With pictures left out, write out exactly every line from the start of the data through the one that contains "#1=APPLICATION_CONTEXT('core data for".
######
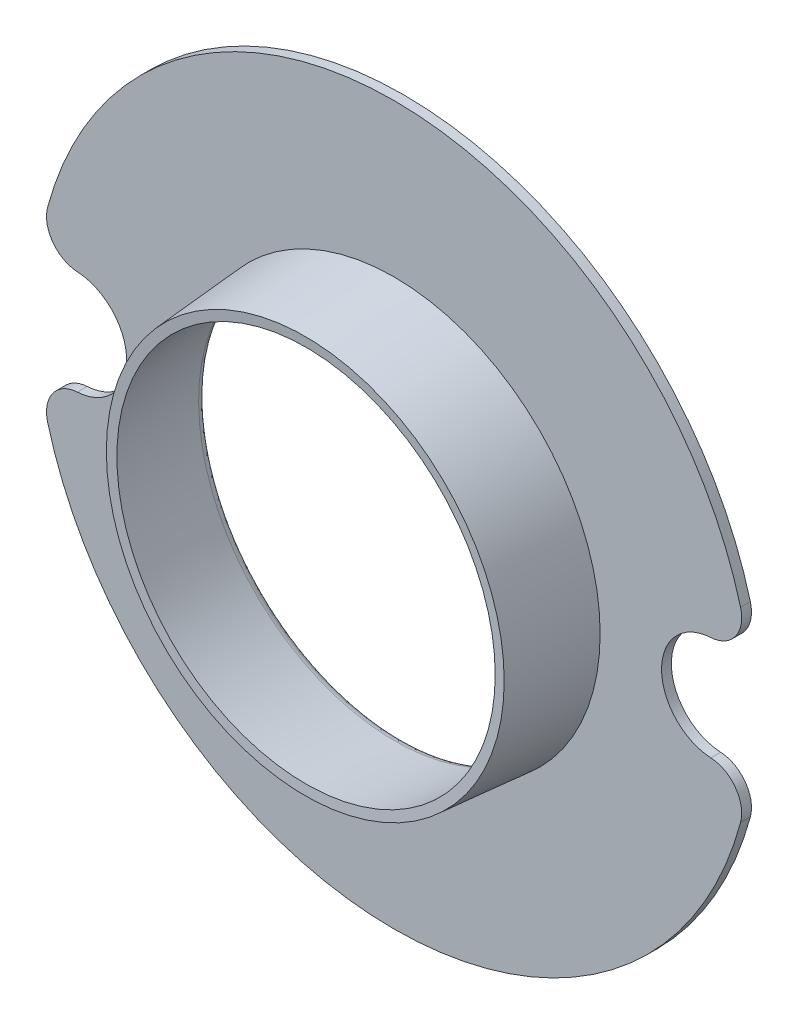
ISO-10303-21;
HEADER;
FILE_DESCRIPTION(('STEP AP214'),'2;1');
FILE_NAME('part.step','',(''),(''),'','','');
FILE_SCHEMA(('AUTOMOTIVE_DESIGN { 1 0 10303 214 1 1 1 1 }'));
ENDSEC;
DATA;
#1=APPLICATION_CONTEXT('core data for automotive mechanical design processes');
#2=APPLICATION_PROTOCOL_DEFINITION('international standard','automotive_design',2000,#1);
#3=PRODUCT_CONTEXT('',#1,'mechanical');
#4=PRODUCT('Part','Part','',(#3));
#5=PRODUCT_RELATED_PRODUCT_CATEGORY('part','',(#4));
#6=PRODUCT_DEFINITION_FORMATION('','',#4);
#7=PRODUCT_DEFINITION_CONTEXT('part definition',#1,'design');
#8=PRODUCT_DEFINITION('design','',#6,#7);
#9=PRODUCT_DEFINITION_SHAPE('','',#8);
#10=(LENGTH_UNIT() NAMED_UNIT(*) SI_UNIT(.MILLI.,.METRE.));
#11=(NAMED_UNIT(*) PLANE_ANGLE_UNIT() SI_UNIT($,.RADIAN.));
#12=(NAMED_UNIT(*) SI_UNIT($,.STERADIAN.) SOLID_ANGLE_UNIT());
#13=UNCERTAINTY_MEASURE_WITH_UNIT(LENGTH_MEASURE(1.E-05),#10,'distance_accuracy_value','');
#14=(GEOMETRIC_REPRESENTATION_CONTEXT(3) GLOBAL_UNCERTAINTY_ASSIGNED_CONTEXT((#13)) GLOBAL_UNIT_ASSIGNED_CONTEXT((#10,
#11,#12)) REPRESENTATION_CONTEXT('',''));
#15=CARTESIAN_POINT('',(0.,0.,0.));
#16=DIRECTION('',(0.,0.,1.));
#17=DIRECTION('',(1.,0.,0.));
#18=AXIS2_PLACEMENT_3D('',#15,#16,#17);
#19=CARTESIAN_POINT('',(0.,0.,16.5119617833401));
#20=DIRECTION('',(0.,0.,-1.));
#21=DIRECTION('',(-1.,0.,0.));
#22=AXIS2_PLACEMENT_3D('',#19,#20,#21);
#23=CONICAL_SURFACE('',#22,3.04952229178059,0.0798299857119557);
#24=CARTESIAN_POINT('',(0.,0.,16.5119617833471));
#25=DIRECTION('',(0.,0.,-1.));
#26=DIRECTION('',(1.,0.,0.));
#27=AXIS2_PLACEMENT_3D('',#24,#25,#26);
#28=CIRCLE('',#27,3.04952229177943);
#29=CARTESIAN_POINT('',(3.04952229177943,0.,16.5119617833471));
#30=VERTEX_POINT('',#29);
#31=EDGE_CURVE('E96',#30,#30,#28,.T.);
#32=ORIENTED_EDGE('',*,*,#31,.T.);
#33=EDGE_LOOP('',(#32));
#34=FACE_BOUND('',#33,.T.);
#35=CARTESIAN_POINT('',(0.,0.,15.1499999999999));
#36=DIRECTION('',(0.,0.,-1.));
#37=DIRECTION('',(-1.,0.,0.));
#38=AXIS2_PLACEMENT_3D('',#35,#36,#37);
#39=CIRCLE('',#38,3.15847923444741);
#40=CARTESIAN_POINT('',(-3.15847923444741,0.,15.1499999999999));
#41=VERTEX_POINT('',#40);
#42=EDGE_CURVE('E95',#41,#41,#39,.F.);
#43=ORIENTED_EDGE('',*,*,#42,.T.);
#44=EDGE_LOOP('',(#43));
#45=FACE_BOUND('',#44,.T.);
#46=ADVANCED_FACE('F16',(#34,#45),#23,.T.);
#47=CARTESIAN_POINT('',(0.,0.,16.5119617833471));
#48=DIRECTION('',(0.,0.,1.));
#49=DIRECTION('',(1.,0.,0.));
#50=AXIS2_PLACEMENT_3D('',#47,#48,#49);
#51=CONICAL_SURFACE('',#50,3.04952229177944,1.49096634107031);
#52=CARTESIAN_POINT('',(0.,0.,16.5));
#53=DIRECTION('',(0.,0.,-1.));
#54=DIRECTION('',(1.,0.,0.));
#55=AXIS2_PLACEMENT_3D('',#52,#53,#54);
#56=CIRCLE('',#55,2.89999999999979);
#57=CARTESIAN_POINT('',(2.89999999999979,0.,16.5));
#58=VERTEX_POINT('',#57);
#59=EDGE_CURVE('E139',#58,#58,#56,.T.);
#60=ORIENTED_EDGE('',*,*,#59,.T.);
#61=EDGE_LOOP('',(#60));
#62=FACE_BOUND('',#61,.T.);
#63=ORIENTED_EDGE('',*,*,#31,.F.);
#64=EDGE_LOOP('',(#63));
#65=FACE_BOUND('',#64,.T.);
#66=ADVANCED_FACE('F190',(#62,#65),#51,.F.);
#67=CARTESIAN_POINT('',(-5.541827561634,5.72,15.15));
#68=DIRECTION('',(0.,0.,-1.));
#69=DIRECTION('',(1.,0.,0.));
#70=AXIS2_PLACEMENT_3D('',#67,#68,#69);
#71=PLANE('',#70);
#72=ORIENTED_EDGE('',*,*,#42,.F.);
#73=EDGE_LOOP('',(#72));
#74=FACE_BOUND('',#73,.T.);
#75=CARTESIAN_POINT('',(4.9,0.,15.15));
#76=DIRECTION('',(0.,0.,1.));
#77=DIRECTION('',(0.,-1.,0.));
#78=AXIS2_PLACEMENT_3D('',#75,#76,#77);
#79=CIRCLE('',#78,0.8);
#80=CARTESIAN_POINT('',(4.85604395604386,-0.798791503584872,15.15));
#81=VERTEX_POINT('',#80);
#82=CARTESIAN_POINT('',(4.85604395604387,0.798791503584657,15.15));
#83=VERTEX_POINT('',#82);
#84=EDGE_CURVE('E99',#81,#83,#79,.F.);
#85=ORIENTED_EDGE('',*,*,#84,.T.);
#86=CARTESIAN_POINT('',(4.828571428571,1.298036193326,15.15));
#87=DIRECTION('',(0.,0.,-1.));
#88=DIRECTION('',(0.,1.,0.));
#89=AXIS2_PLACEMENT_3D('',#86,#87,#88);
#90=CIRCLE('',#89,0.500000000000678);
#91=CARTESIAN_POINT('',(5.31142857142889,1.42783981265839,15.15));
#92=VERTEX_POINT('',#91);
#93=EDGE_CURVE('E84',#92,#83,#90,.T.);
#94=ORIENTED_EDGE('',*,*,#93,.F.);
#95=CARTESIAN_POINT('',(0.,0.,15.15));
#96=DIRECTION('',(0.,0.,-1.));
#97=DIRECTION('',(0.,1.,0.));
#98=AXIS2_PLACEMENT_3D('',#95,#96,#97);
#99=CIRCLE('',#98,5.5);
#100=CARTESIAN_POINT('',(-5.31142857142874,1.42783981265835,15.15));
#101=VERTEX_POINT('',#100);
#102=EDGE_CURVE('E142',#92,#101,#99,.F.);
#103=ORIENTED_EDGE('',*,*,#102,.T.);
#104=CARTESIAN_POINT('',(-4.828571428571,1.298036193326,15.15));
#105=DIRECTION('',(0.,0.,1.));
#106=DIRECTION('',(0.,-1.,0.));
#107=AXIS2_PLACEMENT_3D('',#104,#105,#106);
#108=CIRCLE('',#107,0.500000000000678);
#109=CARTESIAN_POINT('',(-4.85604395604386,0.798791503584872,15.15));
#110=VERTEX_POINT('',#109);
#111=EDGE_CURVE('E135',#101,#110,#108,.T.);
#112=ORIENTED_EDGE('',*,*,#111,.T.);
#113=CARTESIAN_POINT('',(-4.9,0.,15.15));
#114=DIRECTION('',(0.,0.,-1.));
#115=DIRECTION('',(0.,1.,0.));
#116=AXIS2_PLACEMENT_3D('',#113,#114,#115);
#117=CIRCLE('',#116,0.799999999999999);
#118=CARTESIAN_POINT('',(-4.85604395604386,-0.798791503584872,15.15));
#119=VERTEX_POINT('',#118);
#120=EDGE_CURVE('E128',#110,#119,#117,.T.);
#121=ORIENTED_EDGE('',*,*,#120,.T.);
#122=CARTESIAN_POINT('',(-4.828571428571,-1.298036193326,15.15));
#123=DIRECTION('',(0.,0.,-1.));
#124=DIRECTION('',(0.,1.,0.));
#125=AXIS2_PLACEMENT_3D('',#122,#123,#124);
#126=CIRCLE('',#125,0.500000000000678);
#127=CARTESIAN_POINT('',(-5.31142857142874,-1.42783981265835,15.15));
#128=VERTEX_POINT('',#127);
#129=EDGE_CURVE('E127',#119,#128,#126,.F.);
#130=ORIENTED_EDGE('',*,*,#129,.T.);
#131=CARTESIAN_POINT('',(0.,0.,15.15));
#132=DIRECTION('',(0.,0.,-1.));
#133=DIRECTION('',(0.,1.,0.));
#134=AXIS2_PLACEMENT_3D('',#131,#132,#133);
#135=CIRCLE('',#134,5.5);
#136=CARTESIAN_POINT('',(5.31142857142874,-1.42783981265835,15.15));
#137=VERTEX_POINT('',#136);
#138=EDGE_CURVE('E123',#128,#137,#135,.F.);
#139=ORIENTED_EDGE('',*,*,#138,.T.);
#140=CARTESIAN_POINT('',(4.828571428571,-1.298036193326,15.15));
#141=DIRECTION('',(0.,0.,1.));
#142=DIRECTION('',(0.,-1.,0.));
#143=AXIS2_PLACEMENT_3D('',#140,#141,#142);
#144=CIRCLE('',#143,0.500000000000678);
#145=EDGE_CURVE('E102',#137,#81,#144,.T.);
#146=ORIENTED_EDGE('',*,*,#145,.T.);
#147=EDGE_LOOP('',(#85,#94,#103,#112,#121,#130,#139,#146));
#148=FACE_BOUND('',#147,.T.);
#149=ADVANCED_FACE('F100',(#74,#148),#71,.F.);
#150=CARTESIAN_POINT('',(0.,0.,16.5));
#151=DIRECTION('',(0.,0.,-1.));
#152=DIRECTION('',(0.,1.,0.));
#153=AXIS2_PLACEMENT_3D('',#150,#151,#152);
#154=CONICAL_SURFACE('',#153,2.89999999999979,0.0798299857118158);
#155=ORIENTED_EDGE('',*,*,#59,.F.);
#156=EDGE_LOOP('',(#155));
#157=FACE_BOUND('',#156,.T.);
#158=CARTESIAN_POINT('',(0.,0.,15.13803822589));
#159=DIRECTION('',(0.,0.,-1.));
#160=DIRECTION('',(-0.999963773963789,-0.00851180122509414,0.));
#161=AXIS2_PLACEMENT_3D('',#158,#159,#160);
#162=CIRCLE('',#161,3.0089569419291);
#163=CARTESIAN_POINT('',(-3.00884793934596,-0.0256116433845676,15.13803822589));
#164=VERTEX_POINT('',#163);
#165=EDGE_CURVE('E112',#164,#164,#162,.T.);
#166=ORIENTED_EDGE('',*,*,#165,.T.);
#167=EDGE_LOOP('',(#166));
#168=FACE_BOUND('',#167,.T.);
#169=ADVANCED_FACE('F189',(#157,#168),#154,.F.);
#170=CARTESIAN_POINT('',(0.,0.,15.15));
#171=DIRECTION('',(0.,0.,-1.));
#172=DIRECTION('',(0.,1.,0.));
#173=AXIS2_PLACEMENT_3D('',#170,#171,#172);
#174=CYLINDRICAL_SURFACE('',#173,5.5);
#175=CARTESIAN_POINT('',(0.,0.,15.));
#176=DIRECTION('',(0.,0.,-1.));
#177=DIRECTION('',(0.,1.,0.));
#178=AXIS2_PLACEMENT_3D('',#175,#176,#177);
#179=CIRCLE('',#178,5.5);
#180=CARTESIAN_POINT('',(5.31142857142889,1.42783981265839,15.));
#181=VERTEX_POINT('',#180);
#182=CARTESIAN_POINT('',(-5.31142857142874,1.42783981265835,15.));
#183=VERTEX_POINT('',#182);
#184=EDGE_CURVE('E138',#181,#183,#179,.F.);
#185=ORIENTED_EDGE('',*,*,#184,.T.);
#186=DIRECTION('',(0.,0.,1.));
#187=VECTOR('',#186,1.);
#188=CARTESIAN_POINT('',(-5.311428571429,1.427839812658,15.075));
#189=LINE('',#188,#187);
#190=EDGE_CURVE('E132',#183,#101,#189,.T.);
#191=ORIENTED_EDGE('',*,*,#190,.T.);
#192=ORIENTED_EDGE('',*,*,#102,.F.);
#193=DIRECTION('',(0.,0.,-1.));
#194=VECTOR('',#193,1.);
#195=CARTESIAN_POINT('',(5.311428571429,1.427839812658,15.075));
#196=LINE('',#195,#194);
#197=EDGE_CURVE('E94',#92,#181,#196,.T.);
#198=ORIENTED_EDGE('',*,*,#197,.T.);
#199=EDGE_LOOP('',(#185,#191,#192,#198));
#200=FACE_BOUND('',#199,.T.);
#201=ADVANCED_FACE('F196',(#200),#174,.T.);
#202=CARTESIAN_POINT('',(-4.828571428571,1.298036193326,15.));
#203=DIRECTION('',(0.,0.,1.));
#204=DIRECTION('',(0.,-1.,0.));
#205=AXIS2_PLACEMENT_3D('',#202,#203,#204);
#206=CYLINDRICAL_SURFACE('',#205,0.500000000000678);
#207=CARTESIAN_POINT('',(-4.828571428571,1.298036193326,15.));
#208=DIRECTION('',(0.,0.,1.));
#209=DIRECTION('',(0.,-1.,0.));
#210=AXIS2_PLACEMENT_3D('',#207,#208,#209);
#211=CIRCLE('',#210,0.500000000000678);
#212=CARTESIAN_POINT('',(-4.85604395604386,0.798791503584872,15.));
#213=VERTEX_POINT('',#212);
#214=EDGE_CURVE('E175',#183,#213,#211,.T.);
#215=ORIENTED_EDGE('',*,*,#214,.T.);
#216=DIRECTION('',(0.,0.,-1.));
#217=VECTOR('',#216,1.);
#218=CARTESIAN_POINT('',(-4.856043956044,0.798791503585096,15.075));
#219=LINE('',#218,#217);
#220=EDGE_CURVE('E129',#213,#110,#219,.F.);
#221=ORIENTED_EDGE('',*,*,#220,.T.);
#222=ORIENTED_EDGE('',*,*,#111,.F.);
#223=ORIENTED_EDGE('',*,*,#190,.F.);
#224=EDGE_LOOP('',(#215,#221,#222,#223));
#225=FACE_BOUND('',#224,.T.);
#226=ADVANCED_FACE('F217',(#225),#206,.T.);
#227=CARTESIAN_POINT('',(-4.9,0.,15.15));
#228=DIRECTION('',(0.,0.,-1.));
#229=DIRECTION('',(0.,1.,0.));
#230=AXIS2_PLACEMENT_3D('',#227,#228,#229);
#231=CYLINDRICAL_SURFACE('',#230,0.799999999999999);
#232=DIRECTION('',(0.,0.,1.));
#233=VECTOR('',#232,1.);
#234=CARTESIAN_POINT('',(-4.85604395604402,-0.798791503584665,15.075));
#235=LINE('',#234,#233);
#236=CARTESIAN_POINT('',(-4.85604395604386,-0.798791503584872,15.));
#237=VERTEX_POINT('',#236);
#238=EDGE_CURVE('E124',#237,#119,#235,.T.);
#239=ORIENTED_EDGE('',*,*,#238,.T.);
#240=ORIENTED_EDGE('',*,*,#120,.F.);
#241=ORIENTED_EDGE('',*,*,#220,.F.);
#242=CARTESIAN_POINT('',(-4.9,0.,15.));
#243=DIRECTION('',(0.,0.,-1.));
#244=DIRECTION('',(0.,1.,0.));
#245=AXIS2_PLACEMENT_3D('',#242,#243,#244);
#246=CIRCLE('',#245,0.799999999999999);
#247=EDGE_CURVE('E173',#213,#237,#246,.T.);
#248=ORIENTED_EDGE('',*,*,#247,.T.);
#249=EDGE_LOOP('',(#239,#240,#241,#248));
#250=FACE_BOUND('',#249,.T.);
#251=ADVANCED_FACE('F223',(#250),#231,.F.);
#252=CARTESIAN_POINT('',(-4.828571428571,-1.298036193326,15.15));
#253=DIRECTION('',(0.,0.,-1.));
#254=DIRECTION('',(0.,1.,0.));
#255=AXIS2_PLACEMENT_3D('',#252,#253,#254);
#256=CYLINDRICAL_SURFACE('',#255,0.500000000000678);
#257=ORIENTED_EDGE('',*,*,#129,.F.);
#258=ORIENTED_EDGE('',*,*,#238,.F.);
#259=CARTESIAN_POINT('',(-4.828571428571,-1.298036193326,15.));
#260=DIRECTION('',(0.,0.,-1.));
#261=DIRECTION('',(0.,1.,0.));
#262=AXIS2_PLACEMENT_3D('',#259,#260,#261);
#263=CIRCLE('',#262,0.500000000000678);
#264=CARTESIAN_POINT('',(-5.31142857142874,-1.42783981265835,15.));
#265=VERTEX_POINT('',#264);
#266=EDGE_CURVE('E171',#237,#265,#263,.F.);
#267=ORIENTED_EDGE('',*,*,#266,.T.);
#268=DIRECTION('',(0.,0.,1.));
#269=VECTOR('',#268,1.);
#270=CARTESIAN_POINT('',(-5.31142857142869,-1.42783981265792,15.075));
#271=LINE('',#270,#269);
#272=EDGE_CURVE('E120',#265,#128,#271,.T.);
#273=ORIENTED_EDGE('',*,*,#272,.T.);
#274=EDGE_LOOP('',(#257,#258,#267,#273));
#275=FACE_BOUND('',#274,.T.);
#276=ADVANCED_FACE('F226',(#275),#256,.T.);
#277=CARTESIAN_POINT('',(0.,0.,15.15));
#278=DIRECTION('',(0.,0.,-1.));
#279=DIRECTION('',(0.,1.,0.));
#280=AXIS2_PLACEMENT_3D('',#277,#278,#279);
#281=CYLINDRICAL_SURFACE('',#280,5.5);
#282=CARTESIAN_POINT('',(0.,0.,15.));
#283=DIRECTION('',(0.,0.,-1.));
#284=DIRECTION('',(0.,1.,0.));
#285=AXIS2_PLACEMENT_3D('',#282,#283,#284);
#286=CIRCLE('',#285,5.5);
#287=CARTESIAN_POINT('',(5.31142857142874,-1.42783981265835,15.));
#288=VERTEX_POINT('',#287);
#289=EDGE_CURVE('E169',#265,#288,#286,.F.);
#290=ORIENTED_EDGE('',*,*,#289,.T.);
#291=DIRECTION('',(0.,0.,1.));
#292=VECTOR('',#291,1.);
#293=CARTESIAN_POINT('',(5.311428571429,-1.427839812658,15.075));
#294=LINE('',#293,#292);
#295=EDGE_CURVE('E117',#288,#137,#294,.T.);
#296=ORIENTED_EDGE('',*,*,#295,.T.);
#297=ORIENTED_EDGE('',*,*,#138,.F.);
#298=ORIENTED_EDGE('',*,*,#272,.F.);
#299=EDGE_LOOP('',(#290,#296,#297,#298));
#300=FACE_BOUND('',#299,.T.);
#301=ADVANCED_FACE('F230',(#300),#281,.T.);
#302=CARTESIAN_POINT('',(4.828571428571,-1.298036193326,15.));
#303=DIRECTION('',(0.,0.,1.));
#304=DIRECTION('',(0.,-1.,0.));
#305=AXIS2_PLACEMENT_3D('',#302,#303,#304);
#306=CYLINDRICAL_SURFACE('',#305,0.500000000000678);
#307=CARTESIAN_POINT('',(4.828571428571,-1.298036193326,15.));
#308=DIRECTION('',(0.,0.,1.));
#309=DIRECTION('',(0.,-1.,0.));
#310=AXIS2_PLACEMENT_3D('',#307,#308,#309);
#311=CIRCLE('',#310,0.500000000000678);
#312=CARTESIAN_POINT('',(4.85604395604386,-0.798791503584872,15.));
#313=VERTEX_POINT('',#312);
#314=EDGE_CURVE('E167',#288,#313,#311,.T.);
#315=ORIENTED_EDGE('',*,*,#314,.T.);
#316=DIRECTION('',(0.,0.,-1.));
#317=VECTOR('',#316,1.);
#318=CARTESIAN_POINT('',(4.856043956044,-0.798791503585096,15.075));
#319=LINE('',#318,#317);
#320=EDGE_CURVE('E106',#313,#81,#319,.F.);
#321=ORIENTED_EDGE('',*,*,#320,.T.);
#322=ORIENTED_EDGE('',*,*,#145,.F.);
#323=ORIENTED_EDGE('',*,*,#295,.F.);
#324=EDGE_LOOP('',(#315,#321,#322,#323));
#325=FACE_BOUND('',#324,.T.);
#326=ADVANCED_FACE('F233',(#325),#306,.T.);
#327=CARTESIAN_POINT('',(4.9,0.,15.));
#328=DIRECTION('',(0.,0.,1.));
#329=DIRECTION('',(0.,-1.,0.));
#330=AXIS2_PLACEMENT_3D('',#327,#328,#329);
#331=CYLINDRICAL_SURFACE('',#330,0.8);
#332=ORIENTED_EDGE('',*,*,#320,.F.);
#333=CARTESIAN_POINT('',(4.9,0.,15.));
#334=DIRECTION('',(0.,0.,1.));
#335=DIRECTION('',(0.,-1.,0.));
#336=AXIS2_PLACEMENT_3D('',#333,#334,#335);
#337=CIRCLE('',#336,0.8);
#338=CARTESIAN_POINT('',(4.85604395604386,0.798791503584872,15.));
#339=VERTEX_POINT('',#338);
#340=EDGE_CURVE('E110',#313,#339,#337,.F.);
#341=ORIENTED_EDGE('',*,*,#340,.T.);
#342=DIRECTION('',(0.,0.,1.));
#343=VECTOR('',#342,1.);
#344=CARTESIAN_POINT('',(4.85604395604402,0.798791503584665,15.075));
#345=LINE('',#344,#343);
#346=EDGE_CURVE('E92',#339,#83,#345,.T.);
#347=ORIENTED_EDGE('',*,*,#346,.T.);
#348=ORIENTED_EDGE('',*,*,#84,.F.);
#349=EDGE_LOOP('',(#332,#341,#347,#348));
#350=FACE_BOUND('',#349,.T.);
#351=ADVANCED_FACE('F108',(#350),#331,.F.);
#352=CARTESIAN_POINT('',(4.828571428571,1.298036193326,15.15));
#353=DIRECTION('',(0.,0.,-1.));
#354=DIRECTION('',(0.,1.,0.));
#355=AXIS2_PLACEMENT_3D('',#352,#353,#354);
#356=CYLINDRICAL_SURFACE('',#355,0.500000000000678);
#357=ORIENTED_EDGE('',*,*,#93,.T.);
#358=ORIENTED_EDGE('',*,*,#346,.F.);
#359=CARTESIAN_POINT('',(4.828571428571,1.298036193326,15.));
#360=DIRECTION('',(0.,0.,-1.));
#361=DIRECTION('',(0.,1.,0.));
#362=AXIS2_PLACEMENT_3D('',#359,#360,#361);
#363=CIRCLE('',#362,0.500000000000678);
#364=EDGE_CURVE('E159',#339,#181,#363,.F.);
#365=ORIENTED_EDGE('',*,*,#364,.T.);
#366=ORIENTED_EDGE('',*,*,#197,.F.);
#367=EDGE_LOOP('',(#357,#358,#365,#366));
#368=FACE_BOUND('',#367,.T.);
#369=ADVANCED_FACE('F89',(#368),#356,.T.);
#370=CARTESIAN_POINT('',(-3.17707368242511,-0.0270435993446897,15.0011713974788));
#371=CARTESIAN_POINT('',(-3.07763276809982,-0.0261971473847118,14.9886700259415));
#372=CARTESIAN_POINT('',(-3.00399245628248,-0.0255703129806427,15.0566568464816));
######
▶ [FINISHED EXERCISE]
ISO-10303-21;
HEADER;
FILE_DESCRIPTION(('STEP AP214'),'2;1');
FILE_NAME('part.step','',(''),(''),'','','');
FILE_SCHEMA(('AUTOMOTIVE_DESIGN { 1 0 10303 214 1 1 1 1 }'));
ENDSEC;
DATA;
#1=APPLICATION_CONTEXT('core data for automotive mechanical design processes');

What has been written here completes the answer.